Pourquoi ces deux dernières villes ? L'histoire ne le dit pas : "C'était une aide spontanée, explique Claude Cliquet. Cela se faisait à l'époque, c'était un signal positif pour aider la ville à renaître de ses cendres".
Un devoir de mémoire
Un siècle plus tard, la cité d’Ancre tenait à rendre hommage aux villes marraines ayant contribué à sa renaissance. Chaque ville marraine a droit à sa propre rue. La semaine dernière, la commune d’Aïn-Temouchent a été la dernière à avoir une plaque à son nom. "Le chemin Aïn-Temouchent relie symboliquement les rues du 11 novembre et du 8 mai" souligne Claude Cliquet.
Samedi 9 novembre, une œuvre mémorielle a été inaugurée en leur honneur dans le jardin public, en présence des représentants des quatre cités. Cette œuvre a été construite par des collégiens et des lycéens de la ville avec des briques rouges. "C’était pour faire un clin d’œil à ce matériau utilisé pendant la reconstruction de la ville" précise Stéphane Demilly, député de la Somme et ancien maire d’Albert.

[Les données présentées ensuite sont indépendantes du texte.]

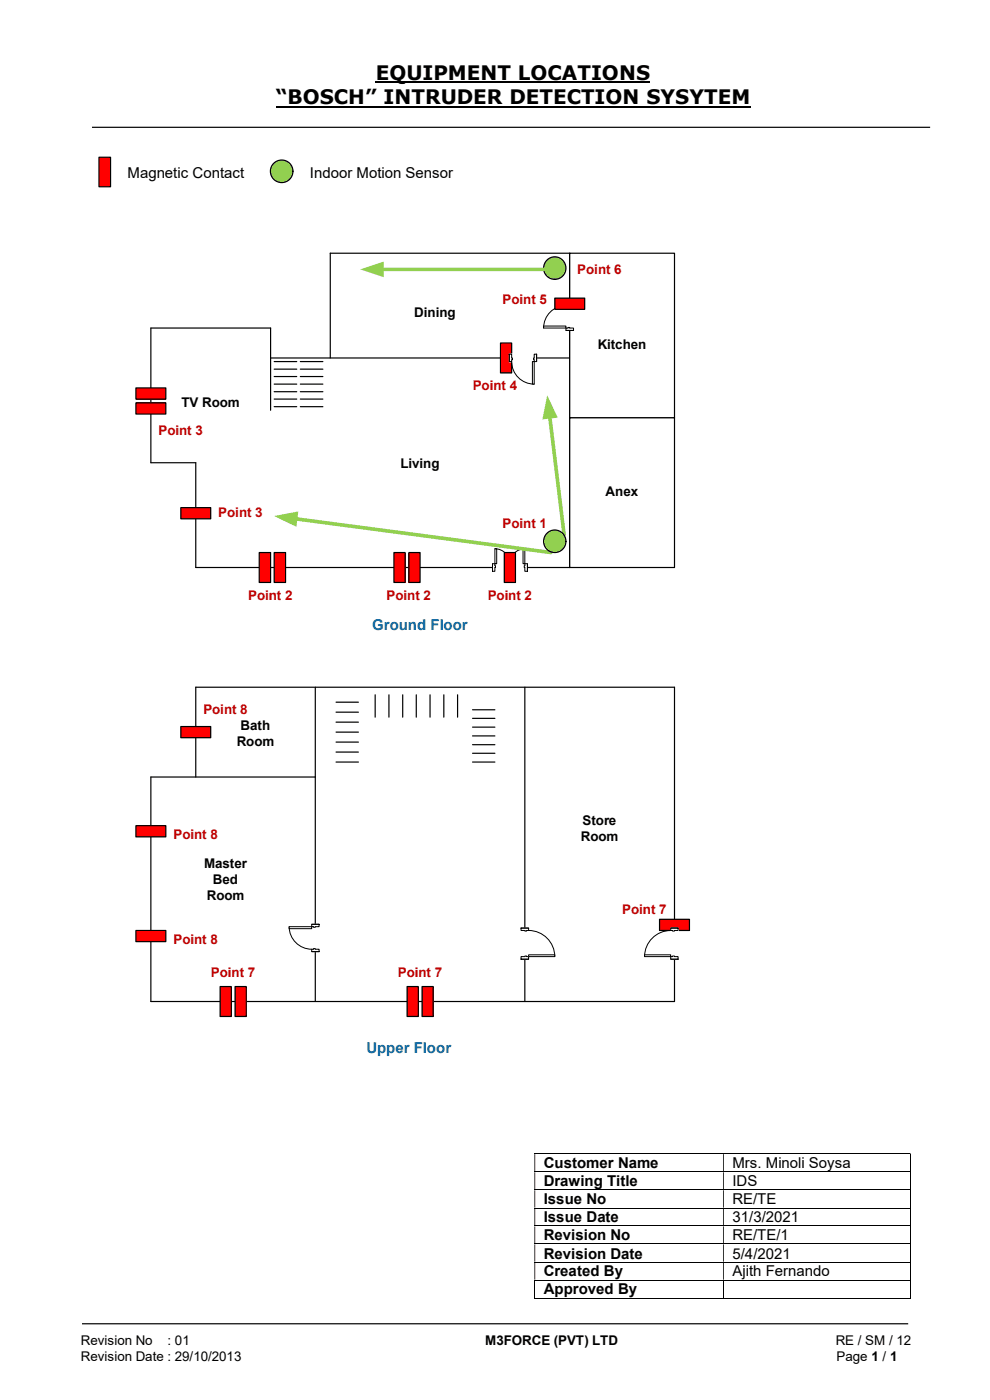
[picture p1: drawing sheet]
<svg xmlns="http://www.w3.org/2000/svg" width="210mm" height="297mm" viewBox="0 0 210 297" stroke-linecap="round" stroke-linejoin="round" font-family="sans-serif">
<path d="M79.7 17.5h58.2M58.5 22.6h100.7" fill="none" stroke="#000" stroke-width=".42"/>
<path d="M19.5 27h177.8M17.4 280.8h175.3" fill="none" stroke="#000" stroke-width=".25"/>
<g fill="none" stroke="#000" stroke-width=".21">
<path d="M113.4 244.8h79.7M113.4 248.6h79.7M113.4 252.4h79.7M113.4 256.3h79.7M193.2 244.9v3.6M193.2 248.7v3.6M193.2 252.5v3.7M193.2 256.4v3.6M113.4 260.1h79.7M113.4 263.9h79.7M113.4 267.8h79.7M113.4 271.6h79.7"/>
<path d="M113.4 275.4h40M113.5 271.7v3.8M153.5 271.7v3.8M153.5 275.4h39.6M193.2 260.2v3.6M193.2 264v3.7M193.2 267.8v3.7M193.2 271.7v3.8"/>
</g>
<g fill="#000">
<path d="M193.1 244.7h.2v.2h-.2zM113.4 244.9h.1v3.6h-.1zM153.4 244.9h.1v3.6h-.1z" fill-rule="evenodd"/>
<path d="M193.1 248.5h.2v.2h-.2zM113.4 248.7h.1v3.6h-.1zM153.4 248.7h.1v3.6h-.1z" fill-rule="evenodd"/>
<path d="M193.1 252.3h.2v.2h-.2zM113.4 252.5h.1v3.7h-.1zM153.4 252.5h.1v3.7h-.1z" fill-rule="evenodd"/>
<path d="M193.1 256.2h.2v.2h-.2zM113.4 256.4h.1v3.6h-.1zM153.4 256.4h.1v3.6h-.1z" fill-rule="evenodd"/>
<path d="M193.1 260h.2v.2h-.2zM113.4 260.2h.1v3.6h-.1zM153.4 260.2h.1v3.6h-.1z" fill-rule="evenodd"/>
<path d="M193.1 263.8h.2v.2h-.2zM113.4 264h.1v3.7h-.1zM153.4 264h.1v3.7h-.1z" fill-rule="evenodd"/>
<path d="M193.1 267.7h.2v.1h-.2zM113.4 267.8h.1v3.7h-.1zM153.4 267.8h.1v3.7h-.1z" fill-rule="evenodd"/>
</g>
<path d="M193.1 271.5h.2v.2h-.2zM193.1 275.3h.2v.2h-.2z" fill="#000"/>
<path d="M21 33.4h2.5v6.2h-2.5z" fill="#f00"/>
<path d="M21 33.4h2.5v6.2h-2.5z" fill="none" stroke="#000" stroke-width=".25"/>
<circle cx="59.8" cy="36.3" r="2.39" fill="#92d050"/>
<g fill="none" stroke="#000" stroke-width=".25">
<path d="M57.4 75.9h63.5M70.1 75.9v-22.2h50.8v66.7h-79.4v-22.2h-9.5v-28.6h25.4v17.4M66.9 145.8v66.7M111.3 145.8v66.7M41.5 164.8v-19h101.6v66.7h-111.1v-47.7h34.9"/>
<circle cx="59.8" cy="36.3" r="2.39"/>
</g>
<path d="M120.9 53.7h22.2v34.9h-22.2z" fill="#fff"/>
<path d="M120.9 53.7h22.2v34.9h-22.2z" fill="none" stroke="#000" stroke-width=".25"/>
<path d="M120.9 88.6h22.2v31.8h-22.2z" fill="#fff"/>
<path d="M120.9 88.6h22.2v31.8h-22.2z" fill="none" stroke="#000" stroke-width=".25"/>
<circle cx="117.7" cy="56.9" r="2.38" fill="#92d050"/>
<circle cx="117.7" cy="56.9" r="2.38" fill="none" stroke="#000" stroke-width=".25"/>
<path d="M81 57.1h34.3" fill="none" stroke="#92d050" stroke-width=".76"/>
<path d="M76.4 57.1l5-1.6v3.3z" fill="#92d050"/>
<path d="M104.5 119.5h7.4v1.7h-7.4z" fill="#fff"/>
<path d="M104.5 119.5h7.4v1.7h-7.4z" fill="none" stroke="#fff" stroke-width=".21"/>
<path d="M111.3 119.6v1.6h.6v-1.6zM104.5 119.6h.5v1.6h-.5z" fill-rule="evenodd" fill="#fff"/>
<path d="M105 120v-.4h-.5v1.6h.5v-.8M111.3 120v-.4h.6v1.6h-.6v-.8" fill="none" stroke="#000" stroke-width=".21"/>
<path d="M111.2 120v.4h.1v-.4zM105 120h.1v.4h-.1z" fill-rule="evenodd" fill="#fff"/>
<path d="M104.5 119.6v1.6M105 116.4a3.2 3.2 0 0 1 3.2 3.2 3.2 3.2 0 0 1 3.1-3.2M111.9 119.6v1.6M105 120h.1v.4h-.1M111.3 120h-.1v.4h.1" fill="none" stroke="#000" stroke-width=".21"/>
<path d="M105 116.4h.4v3.2h-.4z" fill="#fff"/>
<path d="M105 116.4h.4v3.2h-.4z" fill="none" stroke="#000" stroke-width=".21"/>
<path d="M111 116.4h.3v3.2h-.3z" fill="#fff"/>
<path d="M111 116.4h.3v3.2h-.3z" fill="none" stroke="#000" stroke-width=".21"/>
<path d="M120 64.3h1.7v5.8h-1.7z" fill="#fff"/>
<path d="M120 64.3h1.7v5.8h-1.7z" fill="none" stroke="#fff" stroke-width=".21"/>
<path d="M120.1 69.6h1.6v.5h-1.6zM120.1 64.3v.5h1.6v-.5z" fill-rule="evenodd" fill="#fff"/>
<path d="M120.5 69.6h-.4v.5h1.6v-.5h-.8M120.5 64.8h-.4v-.5h1.6v.5h-.8" fill="none" stroke="#000" stroke-width=".21"/>
<path d="M120.5 69.5h.4v.1h-.4zM120.5 64.8v.1h.4v-.1z" fill-rule="evenodd" fill="#fff"/>
<path d="M120.1 64.8a4.8 4.8 0 0 0-4.8 4.8M120.1 70.1h1.6M120.1 64.3h1.6M120.5 69.6v-.1h.4v.1M120.5 64.8v.1h.4v-.1" fill="none" stroke="#000" stroke-width=".21"/>
<path d="M115.3 69.2h4.8v.4h-4.8z" fill="#fff"/>
<path d="M115.3 69.2h4.8v.4h-4.8z" fill="none" stroke="#000" stroke-width=".21"/>
<path d="M106.2 72.8h2.3v6.3h-2.3z" fill="#f00"/>
<path d="M106.2 72.8h2.3v6.3h-2.3z" fill="none" stroke="#000" stroke-width=".25"/>
<path d="M55 117.2h2.4v6.4h-2.4z" fill="#f00"/>
<path d="M55 117.2h2.4v6.4h-2.4z" fill="none" stroke="#000" stroke-width=".25"/>
<path d="M86.7 117.2h2.4v6.4h-2.4z" fill="#f00"/>
<path d="M86.7 117.2h2.4v6.4h-2.4z" fill="none" stroke="#000" stroke-width=".25"/>
<path d="M83.6 117.2h2.3v6.4h-2.3z" fill="#f00"/>
<path d="M83.6 117.2h2.3v6.4h-2.3z" fill="none" stroke="#000" stroke-width=".25"/>
<path d="M28.8 85.5h6.4v2.3h-6.4z" fill="#f00"/>
<path d="M28.8 85.5h6.4v2.3h-6.4z" fill="none" stroke="#000" stroke-width=".25"/>
<path d="M28.8 82.3h6.4v2.4h-6.4z" fill="#f00"/>
<path d="M28.8 82.3h6.4v2.4h-6.4z" fill="none" stroke="#000" stroke-width=".25"/>
<path d="M38.4 107.7h6.3v2.4h-6.3z" fill="#f00"/>
<path d="M38.4 107.7h6.3v2.4h-6.3z" fill="none" stroke="#000" stroke-width=".25"/>
<path d="M38.4 154.1h6.3v2.4h-6.3z" fill="#f00"/>
<path d="M38.4 154.1h6.3v2.4h-6.3z" fill="none" stroke="#000" stroke-width=".25"/>
<path d="M28.8 175.2h6.4v2.3h-6.4z" fill="#f00"/>
<path d="M28.8 175.2h6.4v2.3h-6.4z" fill="none" stroke="#000" stroke-width=".25"/>
<path d="M28.8 197.4h6.4v2.4h-6.4z" fill="#f00"/>
<path d="M28.8 197.4h6.4v2.4h-6.4z" fill="none" stroke="#000" stroke-width=".25"/>
<path d="M139.9 195h6.4v2.4h-6.4z" fill="#f00"/>
<path d="M139.9 195h6.4v2.4h-6.4z" fill="none" stroke="#000" stroke-width=".25"/>
<path d="M58.2 117.2h2.4v6.4h-2.4z" fill="#f00"/>
<path d="M58.2 117.2h2.4v6.4h-2.4z" fill="none" stroke="#000" stroke-width=".25"/>
<path d="M117.7 63.2h6.3v2.4h-6.3z" fill="#f00"/>
<path d="M117.7 63.2h6.3v2.4h-6.3z" fill="none" stroke="#000" stroke-width=".25"/>
<path d="M107 117.2h2.3v6.4h-2.3z" fill="#f00"/>
<path d="M107 117.2h2.3v6.4h-2.3z" fill="none" stroke="#000" stroke-width=".25"/>
<path d="M49.9 209.3h2.3v6.3h-2.3z" fill="#f00"/>
<path d="M49.9 209.3h2.3v6.3h-2.3z" fill="none" stroke="#000" stroke-width=".25"/>
<path d="M46.7 209.3h2.4v6.3h-2.4z" fill="#f00"/>
<path d="M46.7 209.3h2.4v6.3h-2.4z" fill="none" stroke="#000" stroke-width=".25"/>
<path d="M89.5 209.3h2.4v6.3h-2.4z" fill="#f00"/>
<path d="M89.5 209.3h2.4v6.3h-2.4z" fill="none" stroke="#000" stroke-width=".25"/>
<path d="M86.4 209.3h2.3v6.3h-2.3z" fill="#f00"/>
<path d="M86.4 209.3h2.3v6.3h-2.3z" fill="none" stroke="#000" stroke-width=".25"/>
<path d="M110.5 196.9h1.7v6.6h-1.7z" fill="#fff"/>
<path d="M110.5 196.9h1.7v6.6h-1.7z" fill="none" stroke="#fff" stroke-width=".21"/>
<path d="M110.5 202.9v.6h1.6v-.6zM110.5 196.9h1.6v.5h-1.6z" fill-rule="evenodd" fill="#fff"/>
<path d="M111.3 197.4h-.8v-.5h1.6v.5h-.4M111.3 202.9h-.8v.6h1.6v-.6h-.4" fill="none" stroke="#000" stroke-width=".21"/>
<path d="M111.3 202.8v.1h.4v-.1zM111.3 197.4h.4v.1h-.4z" fill-rule="evenodd" fill="#fff"/>
<path d="M110.5 196.9h1.6M111.3 197.4v.1h.4v-.1M112.1 197.4a5.6 5.6 0 0 1 5.6 5.5M110.5 203.5h1.6M111.3 202.9v-.1h.4v.1" fill="none" stroke="#000" stroke-width=".21"/>
<path d="M112.1 202.6h5.6v.3h-5.6z" fill="#fff"/>
<path d="M112.1 202.6h5.6v.3h-5.6z" fill="none" stroke="#000" stroke-width=".21"/>
<path d="M142.2 196.9h1.7v6.6h-1.7z" fill="#fff"/>
<path d="M142.2 196.9h1.7v6.6h-1.7z" fill="none" stroke="#fff" stroke-width=".21"/>
<path d="M142.3 202.9h1.5v.6h-1.5zM142.3 196.9v.5h1.5v-.5z" fill-rule="evenodd" fill="#fff"/>
<path d="M142.7 197.4h-.4v-.5h1.5v.5h-.7M142.7 202.9h-.4v.6h1.5v-.6h-.7" fill="none" stroke="#000" stroke-width=".21"/>
<path d="M142.7 202.8h.4v.1h-.4zM142.7 197.4v.1h.4v-.1z" fill-rule="evenodd" fill="#fff"/>
<path d="M142.3 197.4a5.6 5.6 0 0 0-5.6 5.5M142.3 196.9h1.5M142.7 197.4v.1h.4v-.1M142.3 203.5h1.5M142.7 202.9v-.1h.4v.1" fill="none" stroke="#000" stroke-width=".21"/>
<path d="M136.7 202.6h5.6v.3h-5.6z" fill="#fff"/>
<path d="M136.7 202.6h5.6v.3h-5.6z" fill="none" stroke="#000" stroke-width=".21"/>
<path d="M66.1 196.1h1.6v5.8h-1.6z" fill="#fff"/>
<path d="M66.1 196.1h1.6v5.8h-1.6z" fill="none" stroke="#fff" stroke-width=".21"/>
<path d="M66.1 196.1v.5h1.6v-.5zM66.1 201.4h1.6v.5h-1.6z" fill-rule="evenodd" fill="#fff"/>
<path d="M66.5 196.6h-.4v-.5h1.6v.5h-.8M66.5 201.4h-.4v.5h1.6v-.5h-.8" fill="none" stroke="#000" stroke-width=".21"/>
<path d="M66.5 196.6v.1h.4v-.1zM66.5 201.3h.4v.1h-.4z" fill-rule="evenodd" fill="#fff"/>
<path d="M61.3 196.6a4.8 4.8 0 0 0 4.8 4.8M66.1 196.1h1.6M66.5 196.6v.1h.4v-.1M66.1 201.9h1.6M66.5 201.4v-.1h.4v.1" fill="none" stroke="#000" stroke-width=".21"/>
<path d="M61.3 196.6h4.8v.4h-4.8z" fill="#fff"/>
<path d="M61.3 196.6h4.8v.4h-4.8z" fill="none" stroke="#000" stroke-width=".21"/>
<g fill="none" stroke="#000" stroke-width=".25">
<path d="M58.2 76.7h4.7M58.2 79.9h4.7M58.2 78.3h4.7M63.7 76.7h4.8M63.7 79.9h4.8M63.7 78.3h4.8M58.2 86.3h4.7M58.2 83.1h4.7M58.2 84.7h4.7M58.2 81.5h4.7M63.7 86.3h4.8M63.7 83.1h4.8"/>
<path d="M63.7 84.7h4.8M63.7 81.5h4.8M71.3 149h4.7M71.3 157.4h4.7M71.3 153.2h4.7M71.3 151.1h4.7M71.3 159.6h4.7M71.3 155.3h4.7M79.6 147.4v4.7M82.5 147.4v4.7M85.4 147.4v4.7M88.3 147.4v4.7"/>
<path d="M91.2 147.4v4.7M94.1 147.4v4.7M97.1 147.4v4.7M100.2 150.6h4.8M100.2 158h4.8M100.2 154.3h4.8M100.2 152.4h4.8M100.2 159.8h4.8M100.2 156.1h4.8M71.3 161.7h4.7M100.2 161.7h4.8"/>
</g>
<path d="M108 75.1h5.8v1.7h-5.8z" fill="#fff"/>
<path d="M108 75.1h5.8v1.7h-5.8z" fill="none" stroke="#fff" stroke-width=".21"/>
<path d="M113.3 75.1h.5v1.6h-.5zM108 75.1v1.6h.5v-1.6z" fill-rule="evenodd" fill="#fff"/>
<path d="M108.5 75.9v-.8h-.5v1.6h.5v-.4M113.3 75.9v-.8h.5v1.6h-.5v-.4" fill="none" stroke="#000" stroke-width=".21"/>
<path d="M113.2 75.9h.1v.4h-.1zM108.5 75.9v.4h.2v-.4z" fill-rule="evenodd" fill="#fff"/>
<path d="M108 75.1v1.6M108.5 75.9h.2v.4h-.2M108.5 76.7a4.8 4.8 0 0 0 4.8 4.8M113.3 75.9h-.1v.4h.1M113.8 75.1v1.6" fill="none" stroke="#000" stroke-width=".21"/>
<path d="M112.9 76.7h.4v4.8h-.4z" fill="#fff"/>
<path d="M112.9 76.7h.4v4.8h-.4z" fill="none" stroke="#000" stroke-width=".21"/>
<path d="M116.6 88.4l3.1 25.1" fill="none" stroke="#92d050" stroke-width=".76"/>
<path d="M116.1 83.9l2.2 4.7-3.2 .4z" fill="#92d050"/>
<path d="M62.7 110.1l54.2 7.1" fill="none" stroke="#92d050" stroke-width=".76"/>
<g fill="#92d050">
<path d="M58.2 109.5l5.1-1-.4 3.3z"/>
<circle cx="117.7" cy="114.8" r="2.38"/>
</g>
<circle cx="117.7" cy="114.8" r="2.38" fill="none" stroke="#000" stroke-width=".25"/>
<g font-size="4.2">
<text x="79.7" y="17">EQUIPMENT LOCATIONS</text>
<text x="58.5" y="22.1">“BOSCH” INTRUDER DETECTION SYSYTEM</text>
</g>
<g font-size="3.2">
<text x="27.1" y="37.7">Magnetic Contact</text>
<text x="65.8" y="37.7">Indoor Motion Sensor</text>
<text x="115.4" y="247.9">Customer Name</text>
<text x="115.4" y="251.7">Drawing Title</text>
<text x="155.4" y="247.9">Mrs. Minoli Soysa</text>
<text x="155.4" y="251.7">IDS</text>
<text x="115.4" y="255.5">Issue No</text>
<text x="155.4" y="255.5">RE/TE</text>
<text x="115.4" y="259.3">Issue Date</text>
<text x="115.4" y="263.1">Revision No</text>
<text x="155.4" y="259.3">31/3/2021</text>
<text x="155.4" y="263.1">RE/TE/1</text>
<text x="115.4" y="267">Revision Date</text>
<text x="155.4" y="267">5/4/2021</text>
<text x="115.4" y="270.8">Created By</text>
<text x="115.4" y="274.6">Approved By</text>
<text x="155.4" y="270.8">Ajith Fernando</text>
</g>
<g font-size="3.2" fill="#0070c0">
<text x="79" y="133.7">Ground Floor</text>
<text x="77.7" y="223.3">Upper Floor</text>
</g>
<g font-size="2.8" fill="#c00000">
<text x="122.5" y="58">Point 6</text>
<text x="106.6" y="64.4">Point 5</text>
<text x="100.3" y="82.8">Point 4</text>
<text x="33.6" y="92.3">Point 3</text>
<text x="46.3" y="109.8">Point 3</text>
<text x="106.6" y="112.1">Point 1</text>
<text x="52.7" y="127.2">Point 2</text>
<text x="82" y="127.2">Point 2</text>
<text x="103.5" y="127.2">Point 2</text>
<text x="43.1" y="151.4">Point 8</text>
<text x="36.8" y="178">Point 8</text>
<text x="132" y="193.9">Point 7</text>
<text x="36.8" y="200.3">Point 8</text>
<text x="44.7" y="207.3">Point 7</text>
<text x="84.4" y="207.3">Point 7</text>
</g>
<g font-size="2.8">
<text x="87.9" y="67.2">Dining</text>
<text x="126.8" y="74">Kitchen</text>
<text x="38.5" y="86.3">TV Room</text>
<text x="85" y="99.4">Living</text>
<text x="128.5" y="105.3">Anex</text>
<text x="51.1" y="154.8">Bath</text>
<text x="50.2" y="158.2">Room</text>
<text x="123.2" y="178.5">Room</text>
<text x="123.6" y="175.1">Store</text>
<text x="43.3" y="184.2">Master</text>
<text x="43.9" y="191">Room</text>
<text x="45.2" y="187.5">Bed</text>
<text x="17.1" y="285.4">Revision No</text>
<text x="35.5" y="285.4">: 01</text>
<text x="102.9" y="285.4">M3FORCE (PVT) LTD</text>
<text x="177.3" y="285.4">RE / SM / 12</text>
<text x="17.1" y="288.7">Revision Date : 29/10/2013</text>
<text x="177.5" y="288.7">Page 1 / 1</text>
</g>
</svg>

Si les vestiges de cette générosité spontanée s’affichent fièrement sur les murs de la ville, la mairie a souhaité exprimer une dernière fois sa gratitude avec une citation empruntée à l’écrivain Andersen. Gravée dans l’esprit des Albertins, cette citation s'affichera désormais éternellement sur l’œuvre des écoliers : "La reconnaissance est la mémoire du cœur".